Friday, March 07, 2008

Thursday, March 06, 2008

Not that there's anything wrong with that

"Beef: It's Still What's for Dinner
by Senator Larry Craig

.....I want to assure Idahoans that I will continue to support Idaho beef producers, and I most certainly will continue eating U.S. beef."


I feel nauseous. I just rode an elevator with a guy who was breathing so loud, it wasn't even funny.
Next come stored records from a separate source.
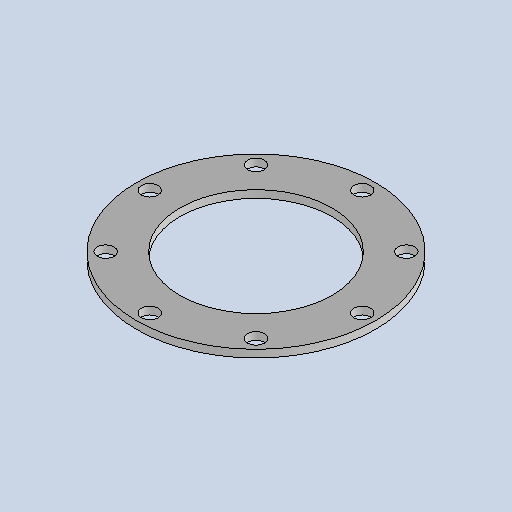
# Autodesk Inventor part: TKS 3001 BOTTOM DS main flange
Saved by Autodesk Inventor 2025.1 (Build 291241020, 241B)
## iProperties
Created: 2024-12-09
Part Number: TKS 3001 BOTTOM DS main flange
Material: Stainless Steel
Document SubType Name: Sheet Metal
Designer: user
Mass: 3269.02 g
Surface Area: 1007.63 cm^2
Volume: 408.627 cm^3
Density: 8 g/cm^3
Flat Pattern Width: 31.5 cm
Flat Pattern Length: 31.5 cm
Flat Pattern Area: 992.25 cm^2
Sheet Metal Rule: AISI304 3mm Die 32
Sheet Metal Width: 315.000 mm
Sheet Metal Length: 315.000 mm
Sheet Metal Area: 99225.000 mm^2
Appearance: Default
Author: user
Autodesk Inventor part; units mm, degrees
ref_plane "YZ Plane" through (0, 0, 0) normal (1, 0, 0) x (0, 1, 0)
ref_plane "XZ Plane" through (0, 0, 0) normal (0, 1, 0) x (-1, 0, 0)
ref_plane "XY Plane" through (0, 0, 0) normal (0, 0, 1) x (1, 0, 0)
sketch "Sketch1" plane through (0, 0, 0) normal (0, 0, 1) x (1, 0, 0)
  circle A0 centre (0, 0) radius 100
  circle A1 centre (0, 0) radius 157.5
  dimension "d22" = 200
  dimension "d23" = 315
  measures "d22" diameter of A0
  measures "d23" diameter of A1
extrude "Plate1" add sketch "Sketch1" along normal blind 10
sketch "Sketch5" plane through (0, 0, 10) normal (0, 0, 1) x (1, 0, 0)
  circle A0 centre (0, 140) radius 11
  circle A1 centre (0, 0) radius 140 construction
  dimension "d25" = 280
  dimension "d24" = 22
  constraints: 2 vertical alignment, 1 centre point, 1 coincident, 2 other
  measures "d24" diameter of A0
extrude "Cut1" cut sketch "Sketch5" against normal blind 10
pattern_circular "Circular Pattern1" count 8 over 360 about axis through (0, 0, 0) along (0, 0, 1) of "Cut1"
equation "\"d26\" = Thickness"
equation "\"d2\" = Thickness"
equation "\"BendReliefDepth\" = 0.5 * Thickness"
equation "\"TransitionRadius\" = BendRadius"
equation "\"JacobiRadiusSize\" = BendRadius"
equation "\"Thickness\" = 10"
equation "\"BendRadius\" = 5"
body "Solid1"
Autodesk Inventor part; units mm, degrees
(part 2 of 3)
sketch "스케치16" plane through (0, 0, 0) normal (0, 0, -1) x (-1, 0, 0)
  line L0 (6.921, -57.5) -> (6.921, -59.5) projected
  arc A0 (4.7026, -59.56) -> (6.921, -59.5) centre (5.811, -59.5) ccw projected
  line L1 (4.7026, -59.56) -> (-3.9306, -59.56) projected
  arc A1 (-6.149, -59.5) -> (-3.9306, -59.56) centre (-5.039, -59.5) ccw projected
  line L2 (-6.149, -59.5) -> (-6.149, -57.5) projected
  arc A2 (-3.9306, -57.44) -> (-6.149, -57.5) centre (-5.039, -57.5) ccw projected
  line L3 (-3.9306, -57.44) -> (4.7026, -57.44) projected
  arc A3 (6.921, -57.5) -> (4.7026, -57.44) centre (5.811, -57.5) ccw projected
  line L4 (-14.6916, -62.5) -> (14.3356, -62.5) projected
  arc A4 (14.3356, -62.5) -> (14.361, -62.05) centre (10.361, -62.05) ccw projected
  line L5 (14.361, -62.05) -> (14.361, -54.5339) projected
  arc A5 (14.361, -54.5339) -> (14.2456, -53.5801) centre (10.361, -54.5339) ccw projected
  line L6 (14.2456, -53.5801) -> (5.6489, -18.5692) projected
  arc A6 (5.6489, -18.5692) -> (-6.0049, -18.5692) centre (-0.178, -20) ccw projected
  line L7 (-6.0049, -18.5692) -> (-14.6016, -53.5801) projected
  arc A7 (-14.6016, -53.5801) -> (-14.717, -54.5339) centre (-10.717, -54.5339) ccw projected
  line L8 (-14.717, -54.5339) -> (-14.717, -62.05) projected
  arc A8 (-14.717, -62.05) -> (-14.6916, -62.5) centre (-10.717, -62.05) ccw projected
  circle A9 centre (10.361, -60) radius 1.35 projected
  line L9 (-8.8997, -47.1327) -> (-4.8208, -30.5211) projected
  arc A10 (-0.6725, -27.4837) -> (-4.8208, -30.5211) centre (-0.9362, -31.475) ccw projected
  arc A11 (-0.6725, -27.4837) -> (0.3165, -27.4837) centre (-0.178, -20) ccw projected
  arc A12 (4.4648, -30.5211) -> (0.3165, -27.4837) centre (0.5802, -31.475) ccw projected
  line L10 (4.4648, -30.5211) -> (8.5437, -47.1327) projected
  arc A13 (5.3379, -52.0285) -> (8.5437, -47.1327) centre (4.6591, -48.0865) ccw projected
  arc A14 (-5.694, -52.0285) -> (5.3379, -52.0285) centre (-0.178, -20) ccw projected
  arc A15 (-8.8997, -47.1327) -> (-5.694, -52.0285) centre (-5.0151, -48.0865) ccw projected
  circle A16 centre (-10.639, -60) radius 1.35 projected
  circle A17 centre (-0.178, -20) radius 4 projected
  line L11 (-16.116, -62.5) -> (15.916, -62.5) projected
  arc A18 (15.916, -62.5) -> (16.439, -60.05) centre (10.439, -60.05) ccw projected
  line L12 (16.439, -60.05) -> (16.439, -54.5339) projected
  arc A19 (16.439, -54.5339) -> (16.2659, -53.1031) centre (10.439, -54.5339) ccw projected
  line L13 (16.2659, -53.1031) -> (7.6692, -18.0923) projected
  arc A20 (7.6692, -18.0923) -> (-7.8692, -18.0923) centre (-0.1, -20) ccw projected
  line L14 (-7.8692, -18.0923) -> (-16.4659, -53.1031) projected
  arc A21 (-16.4659, -53.1031) -> (-16.639, -54.5339) centre (-10.639, -54.5339) ccw projected
  line L15 (-16.639, -54.5339) -> (-16.639, -60.05) projected
  arc A22 (-16.639, -60.05) -> (-16.116, -62.5) centre (-10.639, -60.05) ccw projected
  arc A23 (-6.149, -59.5) -> (-3.9306, -59.56) centre (-5.039, -59.5) ccw projected
  line L16 (-6.149, -59.5) -> (-6.149, -57.5) projected
  arc A24 (-3.9306, -57.44) -> (-6.149, -57.5) centre (-5.039, -57.5) ccw projected
  line L17 (-3.9306, -57.44) -> (4.7026, -57.44) projected
  arc A25 (6.921, -57.5) -> (4.7026, -57.44) centre (5.811, -57.5) ccw projected
  line L18 (6.921, -57.5) -> (6.921, -59.5) projected
  arc A26 (4.7026, -59.56) -> (6.921, -59.5) centre (5.811, -59.5) ccw projected
  line L19 (4.7026, -59.56) -> (-3.9306, -59.56) projected
  line L20 (-8.16, -47.3) -> (-8.16, -43.3) projected
  arc A27 (-4.0409, -43.24) -> (-8.16, -43.3) centre (-6.1, -43.3) ccw projected
  line L21 (-4.0409, -43.24) -> (3.8409, -43.24) projected
  arc A28 (7.96, -43.3) -> (3.8409, -43.24) centre (5.9, -43.3) ccw projected
  line L22 (7.96, -43.3) -> (7.96, -47.3) projected
  arc A29 (3.8409, -47.36) -> (7.96, -47.3) centre (5.9, -47.3) ccw projected
  line L23 (3.8409, -47.36) -> (-4.0409, -47.36) projected
  arc A30 (-8.16, -47.3) -> (-4.0409, -47.36) centre (-6.1, -47.3) ccw projected
  line L24 (5.1861, -28.9475) -> (7.0991, -36.7384) projected
  arc A31 (5.7409, -39.1281) -> (7.0991, -36.7384) centre (5.1568, -37.2153) ccw projected
  arc A32 (-5.9409, -39.1281) -> (5.7409, -39.1281) centre (-0.1, -20) ccw projected
  arc A33 (-7.2991, -36.7384) -> (-5.9409, -39.1281) centre (-5.3568, -37.2153) ccw projected
  line L25 (-7.2991, -36.7384) -> (-5.3861, -28.9475) projected
  arc A34 (-2.775, -27.5395) -> (-5.3861, -28.9475) centre (-3.4438, -29.4244) ccw projected
  arc A35 (-2.775, -27.5395) -> (2.575, -27.5395) centre (-0.1, -20) ccw projected
  arc A36 (5.1861, -28.9475) -> (2.575, -27.5395) centre (3.2438, -29.4244) ccw projected
  circle A37 centre (-11.1, -45.3) radius 1.35 projected
  circle A38 centre (10.9, -45.3) radius 1.35 projected
  circle A39 centre (-0.1, -20) radius 4 projected
  circle A40 centre (-10.639, -60) radius 1.35 projected
  circle A41 centre (10.361, -60) radius 1.35 projected
  line L26 (-15.5728, -53.3416) -> (-6.9761, -18.3308)
  arc A42 (6.62, -18.3308) -> (-6.9761, -18.3308) centre (-0.178, -20) ccw
  line L27 (6.62, -18.3308) -> (15.2167, -53.3416)
  arc A43 (15.361, -54.5339) -> (15.2167, -53.3416) centre (10.361, -54.5339) ccw
  line L28 (15.361, -54.5339) -> (15.361, -62.05)
  arc A44 (15.1461, -63.5) -> (15.361, -62.05) centre (10.361, -62.05) ccw
  line L29 (15.1461, -63.5) -> (-15.5022, -63.5)
  arc A45 (-15.717, -62.05) -> (-15.5022, -63.5) centre (-10.717, -62.05) ccw
  line L30 (-15.717, -62.05) -> (-15.717, -54.5339)
  arc A46 (-15.5728, -53.3416) -> (-15.717, -54.5339) centre (-10.717, -54.5339) ccw
  point P0 (0, 0)
  point P1 (-15.6967, -62.5)
  point P2 (15.3407, -62.5)
  dimension "d62" = 1
  constraints: 10 end point, 10 point on circle, 5 centre point, 9 other
  measures "d62" distance between parallel lines of L7 L26
extrude "돌출16" cut sketch "스케치16" against normal through all contours L11 A22 L15 A21 L14 A20 L13 A19 L12 A18 A44 L28 A43 L27 A42 L26 A46 L30 A45
sketch "스케치17" plane through (0, 0, 0) normal (0, 0, -1) x (-1, 0, 0)
  circle A0 centre (10.361, -60) radius 1.35 projected
  circle A1 centre (-10.639, -60) radius 1.35 projected
  circle A2 centre (-0.1, -20) radius 4 projected
  circle A3 centre (10.9, -45.3) radius 1.35 projected
  circle A4 centre (-11.1, -45.3) radius 1.35 projected
  line L0 (5.1861, -28.9475) -> (7.0991, -36.7384) projected
  arc A5 (5.7409, -39.1281) -> (7.0991, -36.7384) centre (5.1568, -37.2153) ccw projected
  arc A6 (-5.9409, -39.1281) -> (5.7409, -39.1281) centre (-0.1, -20) ccw projected
  arc A7 (-7.2991, -36.7384) -> (-5.9409, -39.1281) centre (-5.3568, -37.2153) ccw projected
  line L1 (-7.2991, -36.7384) -> (-5.3861, -28.9475) projected
  arc A8 (-2.775, -27.5395) -> (-5.3861, -28.9475) centre (-3.4438, -29.4244) ccw projected
  arc A9 (-2.775, -27.5395) -> (2.575, -27.5395) centre (-0.1, -20) ccw projected
  arc A10 (5.1861, -28.9475) -> (2.575, -27.5395) centre (3.2438, -29.4244) ccw projected
  line L2 (-8.16, -47.3) -> (-8.16, -43.3) projected
  arc A11 (-4.0409, -43.24) -> (-8.16, -43.3) centre (-6.1, -43.3) ccw projected
  line L3 (-4.0409, -43.24) -> (3.8409, -43.24) projected
  arc A12 (7.96, -43.3) -> (3.8409, -43.24) centre (5.9, -43.3) ccw projected
  line L4 (7.96, -43.3) -> (7.96, -47.3) projected
  arc A13 (3.8409, -47.36) -> (7.96, -47.3) centre (5.9, -47.3) ccw projected
  line L5 (3.8409, -47.36) -> (-4.0409, -47.36) projected
  arc A14 (-8.16, -47.3) -> (-4.0409, -47.36) centre (-6.1, -47.3) ccw projected
  arc A15 (-6.149, -59.5) -> (-3.9306, -59.56) centre (-5.039, -59.5) ccw projected
  line L6 (-6.149, -59.5) -> (-6.149, -57.5) projected
  arc A16 (-3.9306, -57.44) -> (-6.149, -57.5) centre (-5.039, -57.5) ccw projected
  line L7 (-3.9306, -57.44) -> (4.7026, -57.44) projected
  arc A17 (6.921, -57.5) -> (4.7026, -57.44) centre (5.811, -57.5) ccw projected
  line L8 (6.921, -57.5) -> (6.921, -59.5) projected
  arc A18 (4.7026, -59.56) -> (6.921, -59.5) centre (5.811, -59.5) ccw projected
  line L9 (4.7026, -59.56) -> (-3.9306, -59.56) projected
  arc A19 (15.3407, -62.5) -> (15.361, -62.05) centre (10.361, -62.05) ccw projected
  line L10 (15.361, -62.05) -> (15.361, -54.5339) projected
  arc A20 (15.361, -54.5339) -> (15.2167, -53.3416) centre (10.361, -54.5339) ccw projected
  line L11 (15.2167, -53.3416) -> (6.62, -18.3308) projected
  arc A21 (6.62, -18.3308) -> (-6.9761, -18.3308) centre (-0.178, -20) ccw projected
  line L12 (-6.9761, -18.3308) -> (-15.5728, -53.3416) projected
  arc A22 (-15.5728, -53.3416) -> (-15.717, -54.5339) centre (-10.717, -54.5339) ccw projected
  line L13 (-15.717, -54.5339) -> (-15.717, -62.05) projected
  arc A23 (-15.717, -62.05) -> (-15.6967, -62.5) centre (-10.717, -62.05) ccw projected
  line L14 (-15.6967, -62.5) -> (15.3407, -62.5) projected
  line L15 (15.361, -54.5339) -> (-15.717, -54.5339)
  line L16 (-15.717, -54.5339) -> (-15.717, -62.5)
  line L17 (-15.717, -62.5) -> (15.361, -62.5)
  line L18 (15.361, -62.5) -> (15.361, -54.5339)
  point P0 (0, 0)
  point P1 (15.361, -62.05)
  point P2 (15.3407, -62.5)
  constraints: 8 end point, 2 parallel, 1 horizontal, 1 perpendicular
extrude "돌출17" add sketch "스케치17" against normal blind 2 contours A19 L18 L17 | L17 L16 A23
sketch "스케치18" plane through (0, 0, 2) normal (0, 0, 1) x (1, 0, 0)
  line L0 (-15.361, -62.5) -> (15.717, -62.5) projected
  line L1 (15.717, -62.5) -> (15.717, -54.5339) projected
  arc A0 (15.717, -54.5339) -> (15.5728, -53.3416) centre (10.717, -54.5339) ccw projected
  line L2 (15.5728, -53.3416) -> (6.9761, -18.3308) projected
  arc A1 (6.9761, -18.3308) -> (-6.62, -18.3308) centre (0.178, -20) ccw projected
  line L3 (-6.62, -18.3308) -> (-15.2167, -53.3416) projected
  arc A2 (-15.2167, -53.3416) -> (-15.361, -54.5339) centre (-10.361, -54.5339) ccw projected
  line L4 (-15.361, -54.5339) -> (-15.361, -62.5) projected
  line L5 (8.16, -43.3) -> (8.16, -47.3) projected
  arc A3 (4.0409, -47.36) -> (8.16, -47.3) centre (6.1, -47.3) ccw projected
  line L6 (4.0409, -47.36) -> (-3.8409, -47.36) projected
  arc A4 (-7.96, -47.3) -> (-3.8409, -47.36) centre (-5.9, -47.3) ccw projected
  line L7 (-7.96, -47.3) -> (-7.96, -43.3) projected
  arc A5 (-3.8409, -43.24) -> (-7.96, -43.3) centre (-5.9, -43.3) ccw projected
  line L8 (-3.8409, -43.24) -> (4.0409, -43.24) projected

I don't know if he was a smoker, had asthma, or just a bad cold and was really congested, but when I hear someone breathe that loudly, I seriously want to vomit.

And with my previously noted aversion to having total strangers sit next to me at an empty bar stool, I guess it's safe to say I find much of my fellow man sort of disgusting.

Not that I'm a day at the beach myself, but at least I don't do things like that.

Thank you.

Wednesday, March 05, 2008

Quick, hit record

I hope the advertising people for Hillary and Barack have got their Tivos rolling today to capture the images from the White House. John MCain is heading there for a lunch with George W. Bush and to receive his endorsement now that McCain has wrapped up the GOP nomination.

In the upcoming general election, whoever the Democratic nominee turns out to be should tie McCain to ol' Mr. 20 percent popularity and hang Boy George around his neck like a giant incompetent albatross.

Bush will work his usual magic and drag McCain's tired old ass down - just like he's dragged down the U.S. economy, our standing in the world, and every failed business he ran before his daddy finally bought him the governorship of Texas and started him on his distinguished public career.

Tuesday, March 04, 2008

Oy gevalt

Peter Maer of CBS News Radio asked: "What's your advice to the average American who is hurting now, facing the prospect of $4-a-gallon gasoline, a lot of people facing ... "

"Wait, what did you just say?" the president interrupted. "You're predicting $4-a-gallon gasoline?"

Maer responded: "A number of analysts are predicting $4-a-gallon gasoline."

Bush's rejoinder: "Oh, yeah? That's interesting. I hadn't heard that."
- Seattle Times

Next, Bush expressed amazement that his polling numbers are hovering around 23 percent.

Monday, March 03, 2008

I want to learn about this epic time in history

I'm really not a fan of those big, romantic, historical costume dramas, but there is a movie out starring Scarlett Johansson AND Natalie Portman.